- INPUT -
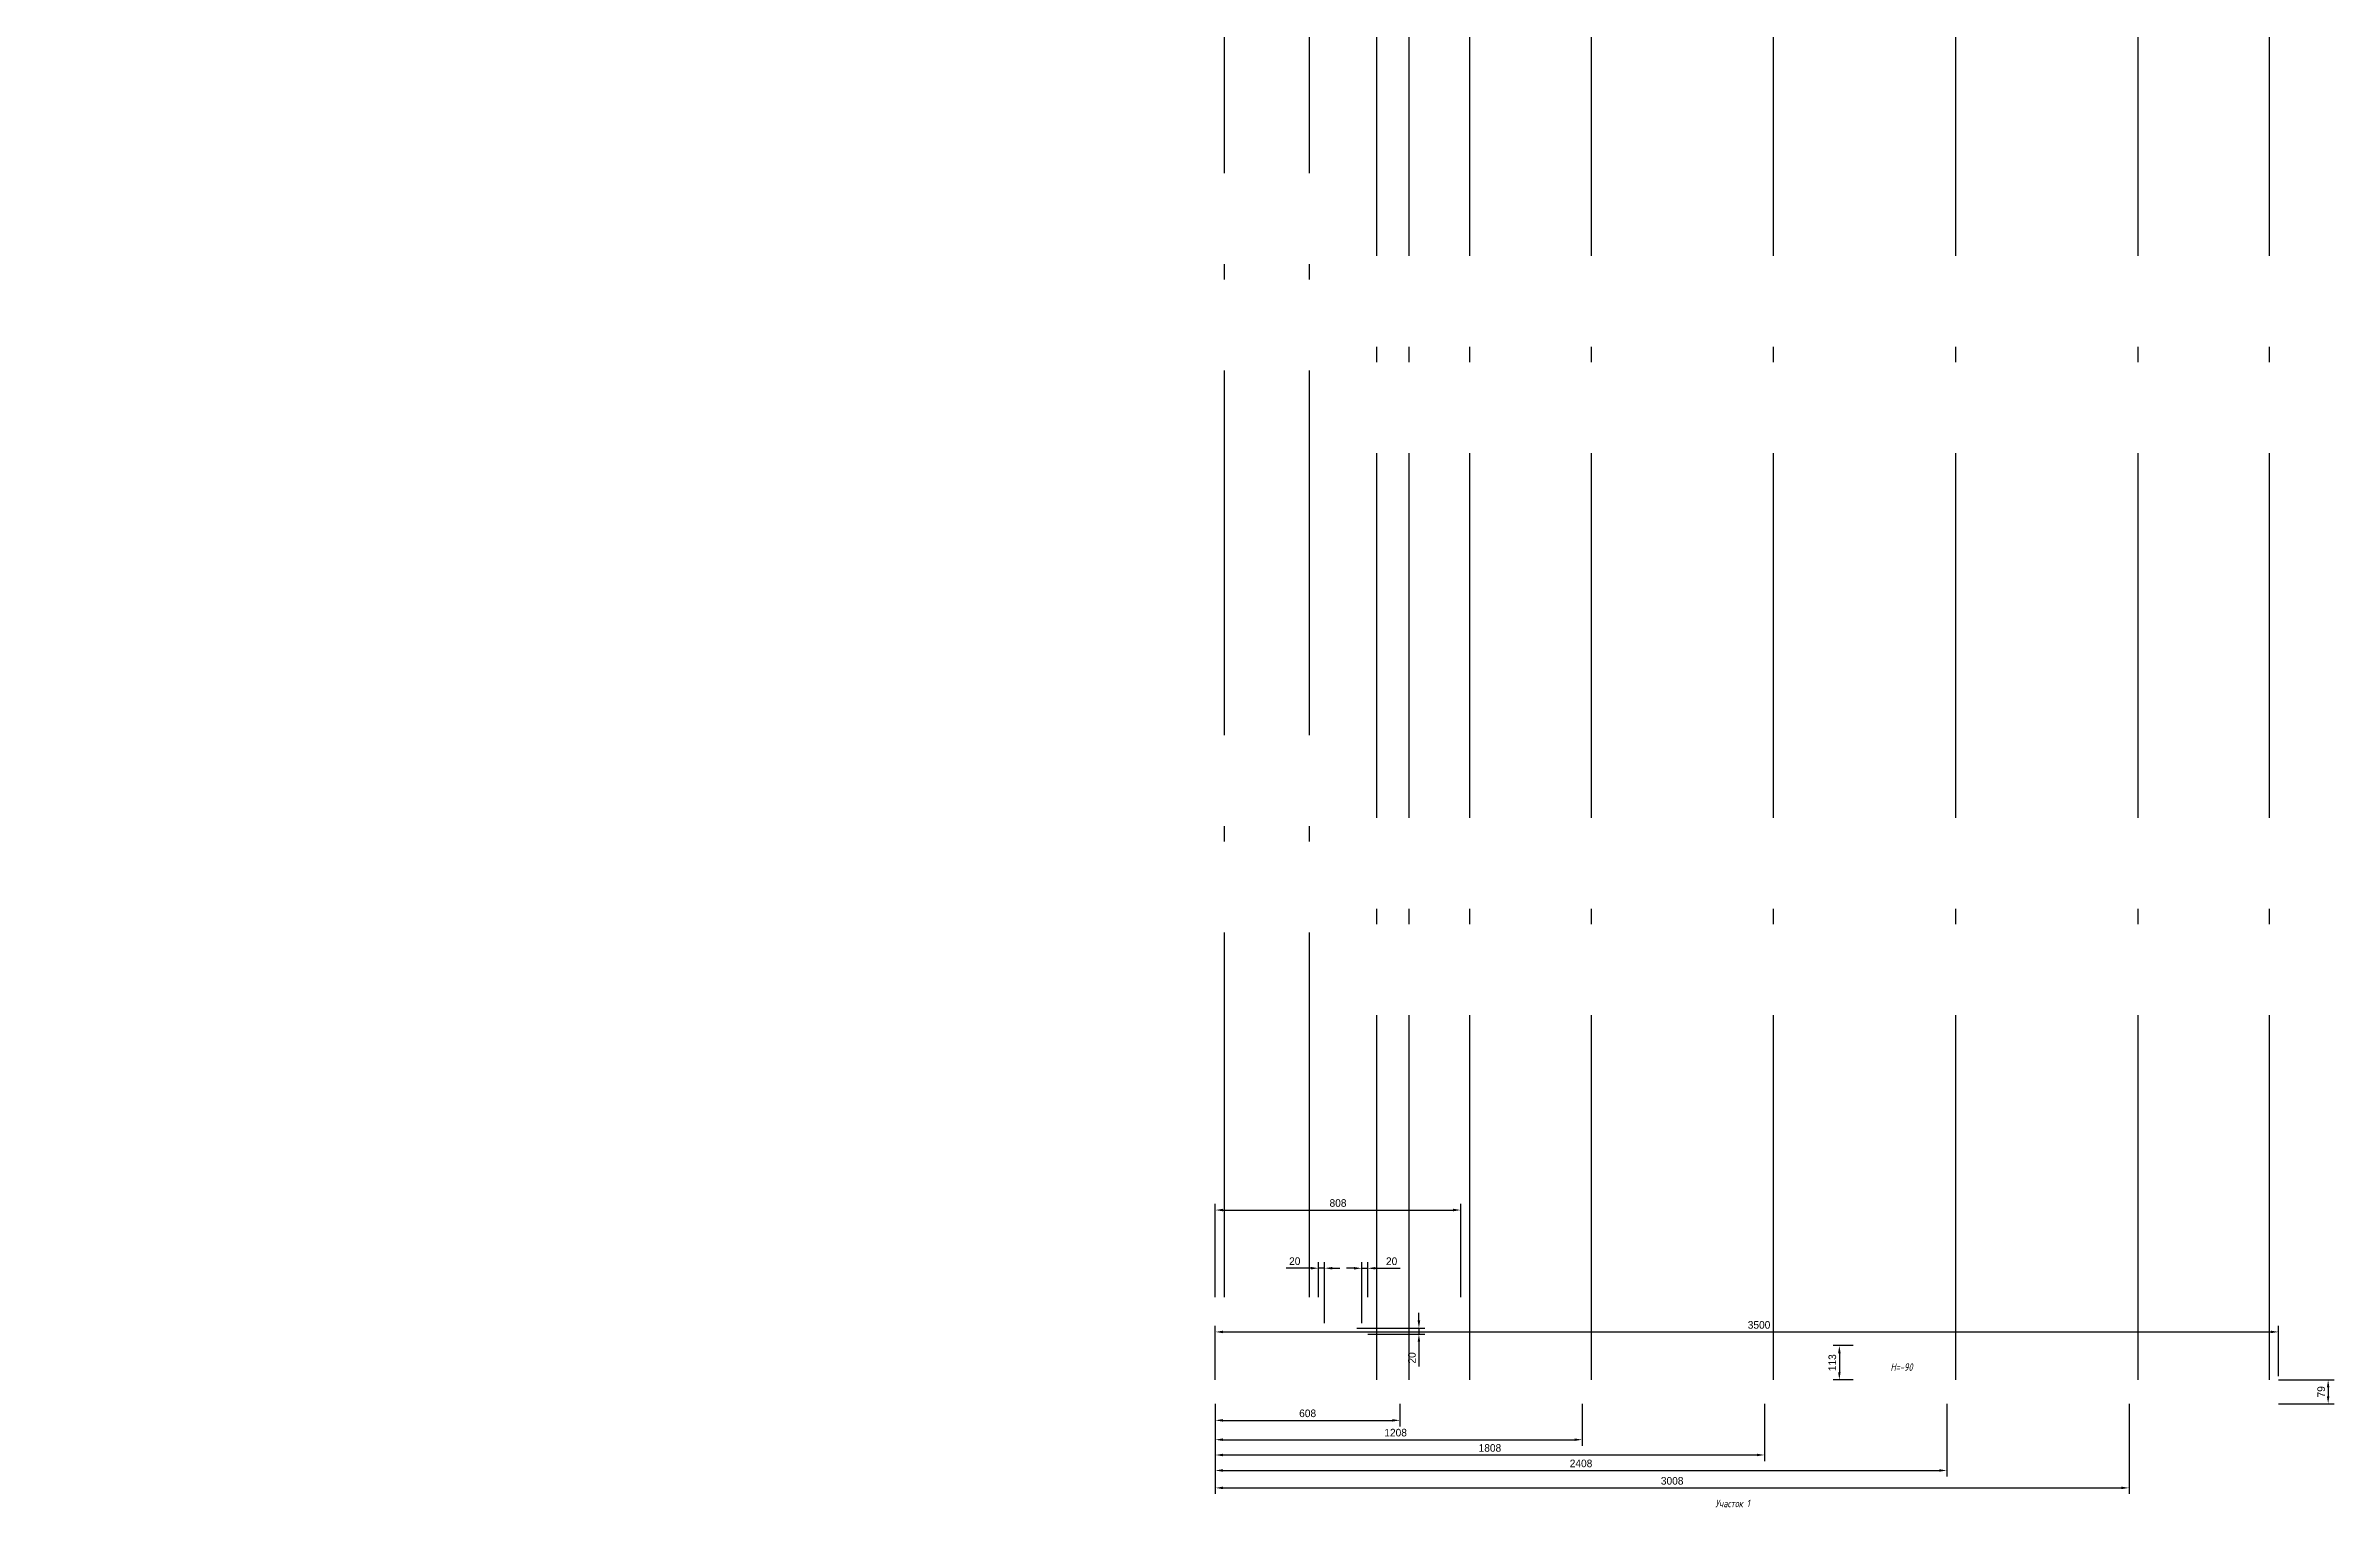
# Model space of a CAD drawing. Header units: millimetres. Extents: x -2432 to 12635, y -10135 to 32982.
# Drawn here: x 5101 to 12635, y 13738 to 18549 of the extents above; entities that cross this region are included whole.
import ezdxf
from ezdxf.enums import TextEntityAlignment as Align

# ---------------------------------------------------------------- set-up
doc = ezdxf.new("R2010")
doc.units = ezdxf.units.MM
doc.header["$PDMODE"] = 34
doc.header["$PDSIZE"] = 25
doc.linetypes.add('ACAD_ISO10W100', pattern=[18.5, 12, -3, 0.5, -3])
doc.layers.add('08 Размеры', color=7, linetype='Continuous')
doc.layers.add('100 noprint', color=1, linetype='Continuous', plot=False)
doc.styles.get("Standard").update_dxf_attribs({"font": 'Ubuntu-R.ttf'})
doc.styles.add('ГОСТ-ISOCPEUR', font='isocpeui.ttf', dxfattribs={"width": 0.8})
doc.dimstyles.new('ISO-25', dxfattribs={"dimtxt": 2.5, "dimasz": 2.5, "dimexe": 1.25, "dimexo": 0.625, "dimtad": 1, "dimtxsty": 'Standard', "dimcen": 2.5, "dimadec": 0, "dimazin": 0, "dimtfac": 1, "dimtmove": 0, "dimatfit": 3, "dimfxl": 1, "dimarcsym": 0})

# ---------------------------------------------------------------- blocks, each defined once
blk = doc.blocks.new('*D2093')
at = {"layer": '08 Размеры', "color": 0, "lineweight": -2}
for p, q in [((8951.2, 14157.6), (8951.2, 14335.3)), ((8976.2, 14315.3), (12426.2, 14315.3)), ((12451.2, 14170.1), (12451.2, 14335.3))]:
    blk.add_line(p, q, dxfattribs=at)
at = {"layer": '08 Размеры', "color": 0}
for points in [[(8976.2, 14319.4), (8976.2, 14311.1), (8951.2, 14315.3)], [(12426.2, 14311.1), (12426.2, 14319.4), (12451.2, 14315.3)]]:
    blk.add_solid(points, dxfattribs=at)
at = {"layer": 'Defpoints', "color": 0}
for p in [(12451.2, 14315.3), (12451.2, 14170.1), (8951.2, 14157.6)]:
    blk.add_point(p, dxfattribs=at)
at = {"layer": '08 Размеры', "color": 0, "insert": (10741.2, 14338.3), "char_height": 25, "attachment_point": 5}
blk.add_mtext('3500', dxfattribs=at)
blk = doc.blocks.new('*D2094')
at = {"layer": '08 Размеры', "color": 0, "lineweight": -2}
for p, q in [((11051.2, 14270.1), (10985.6, 14270.1)), ((11005.6, 14245.1), (11005.6, 14182.6)), ((11051.2, 14157.6), (10985.6, 14157.6))]:
    blk.add_line(p, q, dxfattribs=at)
at = {"layer": '08 Размеры', "color": 0}
for points in [[(11009.8, 14245.1), (11001.4, 14245.1), (11005.6, 14270.1)], [(11001.4, 14182.6), (11009.8, 14182.6), (11005.6, 14157.6)]]:
    blk.add_solid(points, dxfattribs=at)
at = {"layer": 'Defpoints', "color": 0}
for p in [(11051.2, 14270.1), (11005.6, 14157.6), (11051.2, 14157.6)]:
    blk.add_point(p, dxfattribs=at)
at = {"layer": '08 Размеры', "color": 0, "insert": (10982.5, 14213.9), "char_height": 25, "attachment_point": 5, "rotation": 90}
blk.add_mtext('113', dxfattribs=at)
blk = doc.blocks.new('*D2095')
at = {"layer": '08 Размеры', "color": 0, "lineweight": -2}
for p, q in [((12451.2, 14157.6), (12634.7, 14157.6)), ((12614.7, 14132.6), (12614.7, 14103.6)), ((12451.2, 14078.6), (12634.7, 14078.6))]:
    blk.add_line(p, q, dxfattribs=at)
at = {"layer": '08 Размеры', "color": 0}
for points in [[(12618.8, 14132.6), (12610.5, 14132.6), (12614.7, 14157.6)], [(12610.5, 14103.6), (12618.8, 14103.6), (12614.7, 14078.6)]]:
    blk.add_solid(points, dxfattribs=at)
at = {"layer": 'Defpoints', "color": 0}
for p in [(12451.2, 14157.6), (12451.2, 14078.6), (12614.7, 14078.6)]:
    blk.add_point(p, dxfattribs=at)
at = {"layer": '08 Размеры', "color": 0, "insert": (12591.8, 14118.1), "char_height": 25, "attachment_point": 5, "rotation": 90}
blk.add_mtext('79', dxfattribs=at)
blk = doc.blocks.new('*D2096')
at = {"layer": '08 Размеры', "color": 0, "lineweight": -2}
for p, q in [((8951.2, 14078.6), (8951.2, 14004.2)), ((8976.2, 14024.2), (9534.2, 14024.2)), ((9559.2, 14078.6), (9559.2, 14004.2))]:
    blk.add_line(p, q, dxfattribs=at)
at = {"layer": '08 Размеры', "color": 0}
for points in [[(8976.2, 14028.3), (8976.2, 14020), (8951.2, 14024.2)], [(9534.2, 14020), (9534.2, 14028.3), (9559.2, 14024.2)]]:
    blk.add_solid(points, dxfattribs=at)
at = {"layer": 'Defpoints', "color": 0}
for p in [(8951.2, 14078.6), (9559.2, 14078.6), (9559.2, 14024.2)]:
    blk.add_point(p, dxfattribs=at)
at = {"layer": '08 Размеры', "color": 0, "insert": (9255.2, 14047.2), "char_height": 25, "attachment_point": 5}
blk.add_mtext('608', dxfattribs=at)
blk = doc.blocks.new('*D2097')
at = {"layer": '08 Размеры', "color": 0, "lineweight": -2}
for p, q in [((8951.2, 14078.6), (8951.2, 13940.5)), ((10159.2, 14078.6), (10159.2, 13940.5)), ((8976.2, 13960.5), (10134.2, 13960.5))]:
    blk.add_line(p, q, dxfattribs=at)
at = {"layer": '08 Размеры', "color": 0}
for points in [[(8976.2, 13964.7), (8976.2, 13956.4), (8951.2, 13960.5)], [(10134.2, 13956.4), (10134.2, 13964.7), (10159.2, 13960.5)]]:
    blk.add_solid(points, dxfattribs=at)
at = {"layer": 'Defpoints', "color": 0}
for p in [(8951.2, 14078.6), (10159.2, 14078.6), (10159.2, 13960.5)]:
    blk.add_point(p, dxfattribs=at)
at = {"layer": '08 Размеры', "color": 0, "insert": (9544.8, 13983.6), "char_height": 25, "attachment_point": 5}
blk.add_mtext('1208', dxfattribs=at)
blk = doc.blocks.new('*D2098')
at = {"layer": '08 Размеры', "color": 0, "lineweight": -2}
for p, q in [((8951.2, 14078.6), (8951.2, 13890.2)), ((10759.2, 14078.6), (10759.2, 13890.2)), ((8976.2, 13910.2), (10734.2, 13910.2))]:
    blk.add_line(p, q, dxfattribs=at)
at = {"layer": '08 Размеры', "color": 0}
for points in [[(8976.2, 13914.3), (8976.2, 13906), (8951.2, 13910.2)], [(10734.2, 13906), (10734.2, 13914.3), (10759.2, 13910.2)]]:
    blk.add_solid(points, dxfattribs=at)
at = {"layer": 'Defpoints', "color": 0}
for p in [(8951.2, 14078.6), (10759.2, 14078.6), (10759.2, 13910.2)]:
    blk.add_point(p, dxfattribs=at)
at = {"layer": '08 Размеры', "color": 0, "insert": (9855.2, 13933.2), "char_height": 25, "attachment_point": 5}
blk.add_mtext('1808', dxfattribs=at)
blk = doc.blocks.new('*D2099')
at = {"layer": '08 Размеры', "color": 0, "lineweight": -2}
for p, q in [((8951.2, 14078.6), (8951.2, 13839.2)), ((11359.2, 14078.6), (11359.2, 13839.2)), ((8976.2, 13859.2), (11334.2, 13859.2))]:
    blk.add_line(p, q, dxfattribs=at)
at = {"layer": '08 Размеры', "color": 0}
for points in [[(8976.2, 13863.4), (8976.2, 13855), (8951.2, 13859.2)], [(11334.2, 13855), (11334.2, 13863.4), (11359.2, 13859.2)]]:
    blk.add_solid(points, dxfattribs=at)
at = {"layer": 'Defpoints', "color": 0}
for p in [(8951.2, 14078.6), (11359.2, 14078.6), (11359.2, 13859.2)]:
    blk.add_point(p, dxfattribs=at)
at = {"layer": '08 Размеры', "color": 0, "insert": (10155.2, 13882.3), "char_height": 25, "attachment_point": 5}
blk.add_mtext('2408', dxfattribs=at)
blk = doc.blocks.new('*D2100')
at = {"layer": '08 Размеры', "color": 0, "lineweight": -2}
for p, q in [((8951.2, 14078.6), (8951.2, 13781.9)), ((11959.2, 14078.6), (11959.2, 13781.9)), ((8976.2, 13801.9), (11934.2, 13801.9))]:
    blk.add_line(p, q, dxfattribs=at)
at = {"layer": '08 Размеры', "color": 0}
for points in [[(8976.2, 13806.1), (8976.2, 13797.7), (8951.2, 13801.9)], [(11934.2, 13797.7), (11934.2, 13806.1), (11959.2, 13801.9)]]:
    blk.add_solid(points, dxfattribs=at)
at = {"layer": 'Defpoints', "color": 0}
for p in [(8951.2, 14078.6), (11959.2, 14078.6), (11959.2, 13801.9)]:
    blk.add_point(p, dxfattribs=at)
at = {"layer": '08 Размеры', "color": 0, "insert": (10455.2, 13824.9), "char_height": 25, "attachment_point": 5}
blk.add_mtext('3008', dxfattribs=at)
blk = doc.blocks.new('*D2109')
at = {"layer": '08 Размеры', "color": 0, "lineweight": -2}
for p, q in [((9291.2, 14430.1), (9291.2, 14545.1)), ((9311.2, 14344.1), (9311.2, 14545.1)), ((9266.2, 14525.1), (9184.4, 14525.1)), ((9311.2, 14525.1), (9291.2, 14525.1)), ((9336.2, 14525.1), (9361.2, 14525.1))]:
    blk.add_line(p, q, dxfattribs=at)
at = {"layer": '08 Размеры', "color": 0}
for points in [[(9266.2, 14520.9), (9266.2, 14529.2), (9291.2, 14525.1)], [(9336.2, 14529.2), (9336.2, 14520.9), (9311.2, 14525.1)]]:
    blk.add_solid(points, dxfattribs=at)
at = {"layer": 'Defpoints', "color": 0}
for p in [(9291.2, 14525.1), (9291.2, 14430.1), (9311.2, 14344.1)]:
    blk.add_point(p, dxfattribs=at)
at = {"layer": '08 Размеры', "color": 0, "insert": (9212.8, 14548.1), "char_height": 25, "attachment_point": 5}
blk.add_mtext('20', dxfattribs=at)
blk = doc.blocks.new('*D2110')
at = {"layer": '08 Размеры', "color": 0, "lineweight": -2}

- GOAL OF THE EXERCISE -
Go through the material above, and wherever a line contains the string "font", return it.

- SOLUTION FOR THIS EXERCISE -
doc.styles.get("Standard").update_dxf_attribs({"font": 'Ubuntu-R.ttf'})
doc.styles.add('ГОСТ-ISOCPEUR', font='isocpeui.ttf', dxfattribs={"width": 0.8})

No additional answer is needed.